Sunday, May 27, 2007

Recruiters Corrupt Guestworker Program

Should this be filed under "unintended consequences" or just under "they are brown people so to hell with them"?
Standing in the baking sun outside the U.S. Consulate in Monterrey, hundreds of Mexicans wait anxiously for temporary work visas. But even before they were fingerprinted and interviewed for the permit, many had already paid recruiters thousands of dollars in hopes of easing the way.

Supplying the U.S. guestworker program is a complex and sometimes criminal network of foreign recruiters who extort money from poor migrants and then keep them on the job by forcing them into debt or threatening their families back home.

Employers also are often at the recruiters' mercy, forced to accept workers who could be desperately in debt or simply wrong for the job.
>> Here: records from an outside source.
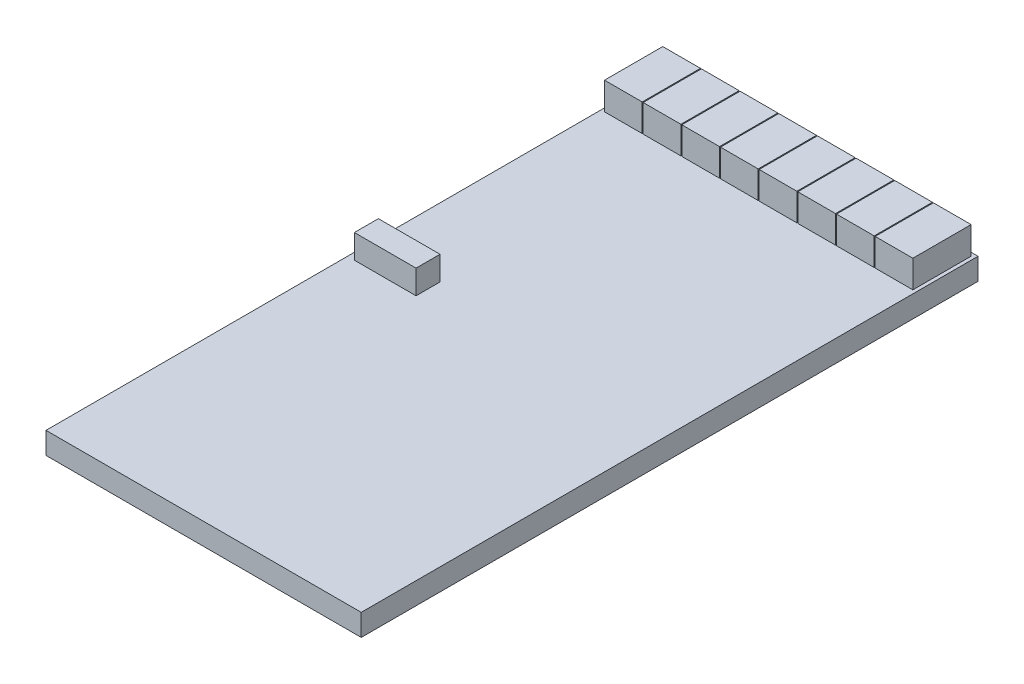
SolidWorks part; units mm, degrees
ref_plane "Front Plane" through (0, 0, 0) normal (0, 0, 1) x (1, 0, 0)
ref_plane "Top Plane" through (0, 0, 0) normal (0, 1, 0) x (1, 0, 0)
ref_plane "Right Plane" through (0, 0, 0) normal (1, 0, 0) x (0, 0, -1)
sketch "Sketch1" plane through (0, 0, 0) normal (0, 1, 0) x (1, 0, 0)
  line L1 (0, 0) -> (23, 0)
  line L2 (0, 0) -> (0, 45)
  line L3 (0, 45) -> (23, 45)
  line L4 (23, 0) -> (23, 45)
extrude "Boss-Extrude1" add sketch "Sketch1" along normal blind 1.5875
sketch "Sketch2" plane through (0, 0, 0) normal (0, -1, 0) x (1, 0, 0)
  line L1 (3.25, -8.25) -> (19.75, -8.25)
  line L2 (3.25, -8.25) -> (3.25, -24.75)
  line L3 (3.25, -24.75) -> (19.75, -24.75)
  line L4 (19.75, -8.25) -> (19.75, -24.75)
extrude "Boss-Extrude2" add sketch "Sketch2" along normal blind 1.14 draft 42.37
sketch "Sketch3" plane through (0, -1.14, 0) normal (0, -1, 0) x (1, 0, 0)
  line L1 (4.29, -9.29) -> (18.71, -9.29)
  line L2 (4.29, -9.29) -> (4.29, -23.71)
  line L3 (4.29, -23.71) -> (18.71, -23.71)
  line L4 (18.71, -9.29) -> (18.71, -23.71)
extrude "Boss-Extrude3" add sketch "Sketch3" along normal blind 0.26
sketch "Sketch4" plane through (0, 1.5875, 0) normal (0, 1, 0) x (1, 0, 0)
  line L0 (3.071, 40.5) -> (5.821, 40.5)
  line L1 (0.25, 40.5) -> (3, 40.5)
  line L2 (0.25, 40.5) -> (0.25, 44.75)
  line L3 (0.25, 44.75) -> (3, 44.75)
  line L4 (3, 40.5) -> (3, 44.75)
  line L5 (3.071, 40.5) -> (3.071, 44.75)
  line L6 (3.071, 44.75) -> (5.821, 44.75)
  line L7 (5.821, 40.5) -> (5.821, 44.75)
  line L8 (5.892, 40.5) -> (8.642, 40.5)
  line L9 (5.892, 40.5) -> (5.892, 44.75)
  line L10 (5.892, 44.75) -> (8.642, 44.75)
  line L11 (8.642, 40.5) -> (8.642, 44.75)
  line L12 (8.713, 40.5) -> (11.463, 40.5)
  line L13 (8.713, 40.5) -> (8.713, 44.75)
  line L14 (8.713, 44.75) -> (11.463, 44.75)
  line L15 (11.463, 40.5) -> (11.463, 44.75)
  line L16 (11.534, 40.5) -> (14.284, 40.5)
  line L17 (11.534, 40.5) -> (11.534, 44.75)
  line L18 (11.534, 44.75) -> (14.284, 44.75)
  line L19 (14.284, 40.5) -> (14.284, 44.75)
  line L20 (14.355, 40.5) -> (17.105, 40.5)
  line L21 (14.355, 40.5) -> (14.355, 44.75)
  line L22 (14.355, 44.75) -> (17.105, 44.75)
  line L23 (17.105, 40.5) -> (17.105, 44.75)
  line L24 (17.176, 40.5) -> (19.926, 40.5)
  line L25 (17.176, 40.5) -> (17.176, 44.75)
  line L26 (17.176, 44.75) -> (19.926, 44.75)
  line L27 (19.926, 40.5) -> (19.926, 44.75)
  line L28 (19.997, 40.5) -> (22.747, 40.5)
  line L29 (19.997, 40.5) -> (19.997, 44.75)
  line L30 (19.997, 44.75) -> (22.747, 44.75)
  line L31 (22.747, 40.5) -> (22.747, 44.75)
  dimension "D1" = 8
extrude "Boss-Extrude4" add sketch "Sketch4" along normal blind 2
sketch "Sketch5" plane through (0, 1.5875, 0) normal (0, 1, 0) x (1, 0, 0)
  line L1 (0.5, 22) -> (5, 22)
  line L2 (0.5, 22) -> (0.5, 23.75)
  line L3 (0.5, 23.75) -> (5, 23.75)
  line L4 (5, 22) -> (5, 23.75)
extrude "Boss-Extrude5" add sketch "Sketch5" along normal blind 1.75

And when their brief glimpse of the American dream becomes a nightmare, some legal guest workers simply disappear, melting into the growing U.S. population of illegal immigrants.

"Everyone has the same complaint. Everyone you see here is in debt," said Gilberto Escalante, a 41-year-old fisherman who swept his arm past at a crowd of migrant hopefuls waiting for visas outside the consulate in Monterrey. "But there aren't any other options. The company calls the recruiter direct, and the recruiter has all the power."

All employers need to do to secure federal permission to hire foreign workers is provide proof that no American wants the job. Once that request is granted, companies rely on recruiters to do the rest, and the U.S. government stands back.

This was inevitable. I was going to mention that before, but thought everyone would have realized it. One of the first things to be done in any new program is build in safeguards from the hyenas who'll do whatever they can to take advantage of it and exploit the poor.